Create Your First AI App

Exploring the Learner App: Your Interactive Learning Companion

In an era where technology and education intersect more than ever, the Learner app emerges as a beacon of innovation for students and educators alike. Built on Streamlit and integrating OpenAI's cutting-edge AI models, this app is designed to transform your learning materials into an interactive, accessible, and engaging educational journey. Let's dive into the details of this powerful tool.

Introduction to the Learner App

The Learner app is not just another educational tool; it's a gateway to maximizing the potential of your learning materials. By leveraging AI to query documents, this app offers personalized assistance, making the search for information not only efficient but also intuitive.

Core Components of the Learner App

Streamlit Framework

At its core, the Learner app utilizes Streamlit, a popular open-source app framework that is beloved for its simplicity and efficiency in turning data scripts into shareable web apps. This choice ensures a smooth user experience and easy access to the app's features.

OpenAI Integration

The heart of the Learner app's functionality lies in its integration with OpenAI's models. By employing Llama Index and OpenAI services, the app can understand and process natural language queries, offering responses that are both relevant and insightful.

A key feature of the Learner app is its ability to index and search documents. Whether it's PDFs stored in a directory or articles online, the app consolidates these materials, making them searchable through a VectorStoreIndex powered by a service context optimized for learning assistance.

Customized User Interface

The Learner app goes beyond functionality to ensure an appealing visual and auditory experience. Custom icons for users and assistants, alongside a dedicated logo, create a welcoming and personalized interface. Furthermore, the app incorporates CSS styles for chat messages, enhancing the readability and aesthetics of interactions.

How the Learner App Works

  1. Setup and Configuration: Upon launching, the app sets up its environment, including the Streamlit page configuration and OpenAI API keys, ensuring a secure and optimized performance.

  2. Loading and Indexing Data: The app begins by loading documents from specified directories and web URLs. These documents are then indexed, creating a searchable database that forms the foundation of the app's query capabilities.

  3. Service Context Creation: To tailor the AI's response to educational queries, the app sets up a service context with predefined settings, ensuring that the AI assistance provided is both appropriate and effective.

  4. Interactive Chat Interface: At the heart of the app is its chat interface, where users can input their questions. This interface is not only functional but also visually engaging, with custom styling for messages and the inclusion of audio responses for an enriched learning experience.

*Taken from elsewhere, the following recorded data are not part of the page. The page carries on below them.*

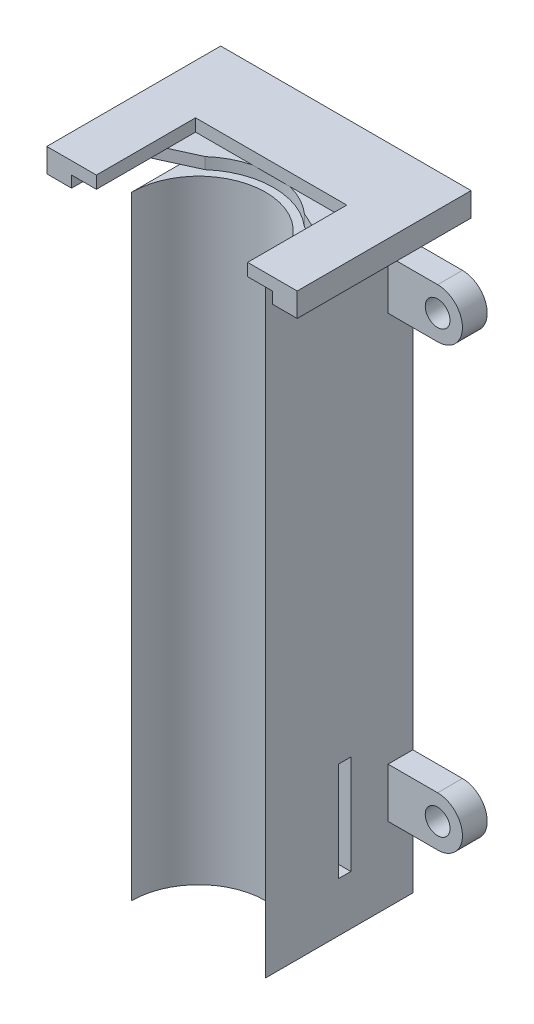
ISO-10303-21;
HEADER;
FILE_DESCRIPTION(('STEP AP214'),'2;1');
FILE_NAME('part.step','',(''),(''),'','','');
FILE_SCHEMA(('AUTOMOTIVE_DESIGN { 1 0 10303 214 1 1 1 1 }'));
ENDSEC;
DATA;
#1=APPLICATION_CONTEXT('core data for automotive mechanical design processes');
#2=APPLICATION_PROTOCOL_DEFINITION('international standard','automotive_design',2000,#1);
#3=PRODUCT_CONTEXT('',#1,'mechanical');
#4=PRODUCT('Part','Part','',(#3));
#5=PRODUCT_RELATED_PRODUCT_CATEGORY('part','',(#4));
#6=PRODUCT_DEFINITION_FORMATION('','',#4);
#7=PRODUCT_DEFINITION_CONTEXT('part definition',#1,'design');
#8=PRODUCT_DEFINITION('design','',#6,#7);
#9=PRODUCT_DEFINITION_SHAPE('','',#8);
#10=(LENGTH_UNIT() NAMED_UNIT(*) SI_UNIT(.MILLI.,.METRE.));
#11=(NAMED_UNIT(*) PLANE_ANGLE_UNIT() SI_UNIT($,.RADIAN.));
#12=(NAMED_UNIT(*) SI_UNIT($,.STERADIAN.) SOLID_ANGLE_UNIT());
#13=UNCERTAINTY_MEASURE_WITH_UNIT(LENGTH_MEASURE(1.E-05),#10,'distance_accuracy_value','');
#14=(GEOMETRIC_REPRESENTATION_CONTEXT(3) GLOBAL_UNCERTAINTY_ASSIGNED_CONTEXT((#13)) GLOBAL_UNIT_ASSIGNED_CONTEXT((#10,
#11,#12)) REPRESENTATION_CONTEXT('',''));
#15=CARTESIAN_POINT('',(0.,0.,0.));
#16=DIRECTION('',(0.,0.,1.));
#17=DIRECTION('',(1.,0.,0.));
#18=AXIS2_PLACEMENT_3D('',#15,#16,#17);
#19=CARTESIAN_POINT('',(366.113193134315,844.266861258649,1286.48711447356));
#20=DIRECTION('',(1.,0.,0.));
#21=DIRECTION('',(0.,0.,-1.));
#22=AXIS2_PLACEMENT_3D('',#19,#20,#21);
#23=PLANE('',#22);
#24=DIRECTION('',(0.,0.,-1.));
#25=VECTOR('',#24,1.);
#26=CARTESIAN_POINT('',(366.113193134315,856.966861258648,1286.48711447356));
#27=LINE('',#26,#25);
#28=CARTESIAN_POINT('',(366.113193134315,856.966861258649,1267.81303447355));
#29=VERTEX_POINT('',#28);
#30=CARTESIAN_POINT('',(366.113193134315,856.966861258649,1264.63803447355));
#31=VERTEX_POINT('',#30);
#32=EDGE_CURVE('E346',#29,#31,#27,.T.);
#33=ORIENTED_EDGE('',*,*,#32,.T.);
#34=DIRECTION('',(0.,1.,0.));
#35=VECTOR('',#34,1.);
#36=CARTESIAN_POINT('',(366.113193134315,844.266861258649,1264.63803447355));
#37=LINE('',#36,#35);
#38=CARTESIAN_POINT('',(366.113193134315,882.366861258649,1264.63803447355));
#39=VERTEX_POINT('',#38);
#40=EDGE_CURVE('E352',#31,#39,#37,.T.);
#41=ORIENTED_EDGE('',*,*,#40,.T.);
#42=DIRECTION('',(0.,0.,1.));
#43=VECTOR('',#42,1.);
#44=CARTESIAN_POINT('',(366.113193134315,882.366861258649,1286.48711447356));
#45=LINE('',#44,#43);
#46=CARTESIAN_POINT('',(366.113193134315,882.366861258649,1267.81303447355));
#47=VERTEX_POINT('',#46);
#48=EDGE_CURVE('E341',#39,#47,#45,.T.);
#49=ORIENTED_EDGE('',*,*,#48,.T.);
#50=DIRECTION('',(0.,-1.,0.));
#51=VECTOR('',#50,1.);
#52=CARTESIAN_POINT('',(366.113193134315,844.266861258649,1267.81303447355));
#53=LINE('',#52,#51);
#54=EDGE_CURVE('E323',#47,#29,#53,.T.);
#55=ORIENTED_EDGE('',*,*,#54,.T.);
#56=EDGE_LOOP('',(#33,#41,#49,#55));
#57=FACE_BOUND('',#56,.T.);
#58=DIRECTION('',(0.,0.,-1.));
#59=VECTOR('',#58,1.);
#60=CARTESIAN_POINT('',(366.113193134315,988.729361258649,1255.11303447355));
#61=LINE('',#60,#59);
#62=CARTESIAN_POINT('',(366.113193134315,988.729361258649,1255.11303447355));
#63=VERTEX_POINT('',#62);
#64=CARTESIAN_POINT('',(366.113193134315,988.729361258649,1248.76303447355));
#65=VERTEX_POINT('',#64);
#66=EDGE_CURVE('E395',#63,#65,#61,.T.);
#67=ORIENTED_EDGE('',*,*,#66,.F.);
#68=DIRECTION('',(0.,-1.,0.));
#69=VECTOR('',#68,1.);
#70=CARTESIAN_POINT('',(366.113193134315,988.729361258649,1255.11303447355));
#71=LINE('',#70,#69);
#72=CARTESIAN_POINT('',(366.113193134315,976.029361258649,1255.11303447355));
#73=VERTEX_POINT('',#72);
#74=EDGE_CURVE('E412',#63,#73,#71,.T.);
#75=ORIENTED_EDGE('',*,*,#74,.T.);
#76=DIRECTION('',(0.,0.,-1.));
#77=VECTOR('',#76,1.);
#78=CARTESIAN_POINT('',(366.113193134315,976.029361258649,1255.11303447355));
#79=LINE('',#78,#77);
#80=CARTESIAN_POINT('',(366.113193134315,976.029361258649,1248.76303447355));
#81=VERTEX_POINT('',#80);
#82=EDGE_CURVE('E393',#73,#81,#79,.T.);
#83=ORIENTED_EDGE('',*,*,#82,.T.);
#84=DIRECTION('',(0.,1.,0.));
#85=VECTOR('',#84,1.);
#86=CARTESIAN_POINT('',(366.113193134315,844.266861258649,1248.76303447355));
#87=LINE('',#86,#85);
#88=CARTESIAN_POINT('',(366.113193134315,876.016861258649,1248.76303447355));
#89=VERTEX_POINT('',#88);
#90=EDGE_CURVE('E528',#89,#81,#87,.T.);
#91=ORIENTED_EDGE('',*,*,#90,.F.);
#92=DIRECTION('',(0.,0.,-1.));
#93=VECTOR('',#92,1.);
#94=CARTESIAN_POINT('',(366.113193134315,876.016861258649,1255.11303447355));
#95=LINE('',#94,#93);
#96=CARTESIAN_POINT('',(366.113193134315,876.016861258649,1255.11303447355));
#97=VERTEX_POINT('',#96);
#98=EDGE_CURVE('E356',#97,#89,#95,.T.);
#99=ORIENTED_EDGE('',*,*,#98,.F.);
#100=DIRECTION('',(0.,-1.,0.));
#101=VECTOR('',#100,1.);
#102=CARTESIAN_POINT('',(366.113193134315,876.016861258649,1255.11303447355));
#103=LINE('',#102,#101);
#104=CARTESIAN_POINT('',(366.113193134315,863.316861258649,1255.11303447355));
#105=VERTEX_POINT('',#104);
#106=EDGE_CURVE('E380',#97,#105,#103,.T.);
#107=ORIENTED_EDGE('',*,*,#106,.T.);
#108=DIRECTION('',(0.,0.,-1.));
#109=VECTOR('',#108,1.);
#110=CARTESIAN_POINT('',(366.113193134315,863.316861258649,1255.11303447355));
#111=LINE('',#110,#109);
#112=CARTESIAN_POINT('',(366.113193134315,863.316861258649,1248.76303447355));
#113=VERTEX_POINT('',#112);
#114=EDGE_CURVE('E363',#105,#113,#111,.T.);
#115=ORIENTED_EDGE('',*,*,#114,.T.);
#116=CARTESIAN_POINT('',(366.113193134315,844.266861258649,1248.76303447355));
#117=VERTEX_POINT('',#116);
#118=EDGE_CURVE('E525',#117,#113,#87,.T.);
#119=ORIENTED_EDGE('',*,*,#118,.F.);
#120=DIRECTION('',(0.,0.,-1.));
#121=VECTOR('',#120,1.);
#122=CARTESIAN_POINT('',(366.113193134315,844.266861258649,1286.48711447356));
#123=LINE('',#122,#121);
#124=CARTESIAN_POINT('',(366.113193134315,844.266861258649,1286.48711447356));
#125=VERTEX_POINT('',#124);
#126=EDGE_CURVE('E498',#125,#117,#123,.T.);
#127=ORIENTED_EDGE('',*,*,#126,.F.);
#128=DIRECTION('',(0.,1.,0.));
#129=VECTOR('',#128,1.);
#130=CARTESIAN_POINT('',(366.113193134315,844.266861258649,1286.48711447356));
#131=LINE('',#130,#129);
#132=CARTESIAN_POINT('',(366.113193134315,1001.42936125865,1286.48711447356));
#133=VERTEX_POINT('',#132);
#134=EDGE_CURVE('E524',#125,#133,#131,.T.);
#135=ORIENTED_EDGE('',*,*,#134,.T.);
#136=DIRECTION('',(0.,0.,-1.));
#137=VECTOR('',#136,1.);
#138=CARTESIAN_POINT('',(366.113193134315,1001.42936125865,1286.48711447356));
#139=LINE('',#138,#137);
#140=CARTESIAN_POINT('',(366.113193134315,1001.42936125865,1274.11759924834));
#141=VERTEX_POINT('',#140);
#142=EDGE_CURVE('E49',#133,#141,#139,.T.);
#143=ORIENTED_EDGE('',*,*,#142,.T.);
#144=CARTESIAN_POINT('',(366.113193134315,1001.42936125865,1248.76303447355));
#145=VERTEX_POINT('',#144);
#146=EDGE_CURVE('E11',#141,#145,#139,.T.);
#147=ORIENTED_EDGE('',*,*,#146,.T.);
#148=EDGE_CURVE('E518',#65,#145,#87,.T.);
#149=ORIENTED_EDGE('',*,*,#148,.F.);
#150=EDGE_LOOP('',(#67,#75,#83,#91,#99,#107,#115,#119,#127,#135,#143,#147,#149));
#151=FACE_BOUND('',#150,.T.);
#152=ADVANCED_FACE('F39',(#57,#151),#23,.F.);
#153=CARTESIAN_POINT('',(400.403193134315,844.266861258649,1248.76303447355));
#154=DIRECTION('',(-1.,0.,0.));
#155=DIRECTION('',(0.,0.,1.));
#156=AXIS2_PLACEMENT_3D('',#153,#154,#155);
#157=PLANE('',#156);
#158=DIRECTION('',(0.,0.,1.));
#159=VECTOR('',#158,1.);
#160=CARTESIAN_POINT('',(400.403193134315,882.366861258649,1264.63803447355));
#161=LINE('',#160,#159);
#162=CARTESIAN_POINT('',(400.403193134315,882.366861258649,1264.63803447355));
#163=VERTEX_POINT('',#162);
#164=CARTESIAN_POINT('',(400.403193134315,882.366861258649,1267.81303447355));
#165=VERTEX_POINT('',#164);
#166=EDGE_CURVE('E328',#163,#165,#161,.T.);
#167=ORIENTED_EDGE('',*,*,#166,.F.);
#168=DIRECTION('',(0.,1.,0.));
#169=VECTOR('',#168,1.);
#170=CARTESIAN_POINT('',(400.403193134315,856.966861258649,1264.63803447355));
#171=LINE('',#170,#169);
#172=CARTESIAN_POINT('',(400.403193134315,856.966861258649,1264.63803447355));
#173=VERTEX_POINT('',#172);
#174=EDGE_CURVE('E63',#173,#163,#171,.T.);
#175=ORIENTED_EDGE('',*,*,#174,.F.);
#176=DIRECTION('',(0.,0.,-1.));
#177=VECTOR('',#176,1.);
#178=CARTESIAN_POINT('',(400.403193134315,856.966861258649,1264.63803447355));
#179=LINE('',#178,#177);
#180=CARTESIAN_POINT('',(400.403193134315,856.966861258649,1267.81303447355));
#181=VERTEX_POINT('',#180);
#182=EDGE_CURVE('E337',#181,#173,#179,.T.);
#183=ORIENTED_EDGE('',*,*,#182,.F.);
#184=DIRECTION('',(0.,-1.,0.));
#185=VECTOR('',#184,1.);
#186=CARTESIAN_POINT('',(400.403193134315,856.966861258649,1267.81303447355));
#187=LINE('',#186,#185);
#188=EDGE_CURVE('E319',#165,#181,#187,.T.);
#189=ORIENTED_EDGE('',*,*,#188,.F.);
#190=EDGE_LOOP('',(#167,#175,#183,#189));
#191=FACE_BOUND('',#190,.T.);
#192=DIRECTION('',(0.,0.,-1.));
#193=VECTOR('',#192,1.);
#194=CARTESIAN_POINT('',(400.403193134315,863.316861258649,1255.11303447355));
#195=LINE('',#194,#193);
#196=CARTESIAN_POINT('',(400.403193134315,863.316861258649,1255.11303447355));
#197=VERTEX_POINT('',#196);
#198=CARTESIAN_POINT('',(400.403193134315,863.316861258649,1248.76303447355));
#199=VERTEX_POINT('',#198);
#200=EDGE_CURVE('E390',#197,#199,#195,.T.);
#201=ORIENTED_EDGE('',*,*,#200,.F.);
#202=DIRECTION('',(0.,1.,0.));
#203=VECTOR('',#202,1.);
#204=CARTESIAN_POINT('',(400.403193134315,876.016861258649,1255.11303447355));
#205=LINE('',#204,#203);
#206=CARTESIAN_POINT('',(400.403193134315,876.016861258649,1255.11303447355));
#207=VERTEX_POINT('',#206);
#208=EDGE_CURVE('E442',#197,#207,#205,.T.);
#209=ORIENTED_EDGE('',*,*,#208,.T.);
#210=DIRECTION('',(0.,0.,-1.));
#211=VECTOR('',#210,1.);
#212=CARTESIAN_POINT('',(400.403193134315,876.016861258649,1255.11303447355));
#213=LINE('',#212,#211);
#214=CARTESIAN_POINT('',(400.403193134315,876.016861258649,1248.76303447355));
#215=VERTEX_POINT('',#214);
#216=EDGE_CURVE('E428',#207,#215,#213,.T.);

  5. Text-to-Speech Functionality: Recognizing the diverse needs of learners, the app incorporates text-to-speech technology, converting the AI assistant's text responses into audio. This feature supports accessibility and caters to different learning preferences.

SET UP AND INSTALLATION

pip install llama-index
pip install streamlit
pip install llama-index-readers-web

THE CODE

Imports

import streamlit as st
from llama_index.llms.openai import OpenAI
import openai
from llama_index.core import VectorStoreIndex, SimpleDirectoryReader, ServiceContext
from llama_index.readers.web import SimpleWebPageReader
import requests
import tempfile

ICONS

user_icon = "./icons/student.png"
assistant_icon = "./icons/assistant1.png"
logo = "./icons/logoass.png"

STREAMLIT SET UP

# streamlit app config
st.set_page_config(
    page_title="Learner",
    page_icon="",
    layout="centered",
    initial_sidebar_state="auto",
)

st.title = "Learning Helper"
with st.container() as title_container:
    st.info("Ability to query all your documents")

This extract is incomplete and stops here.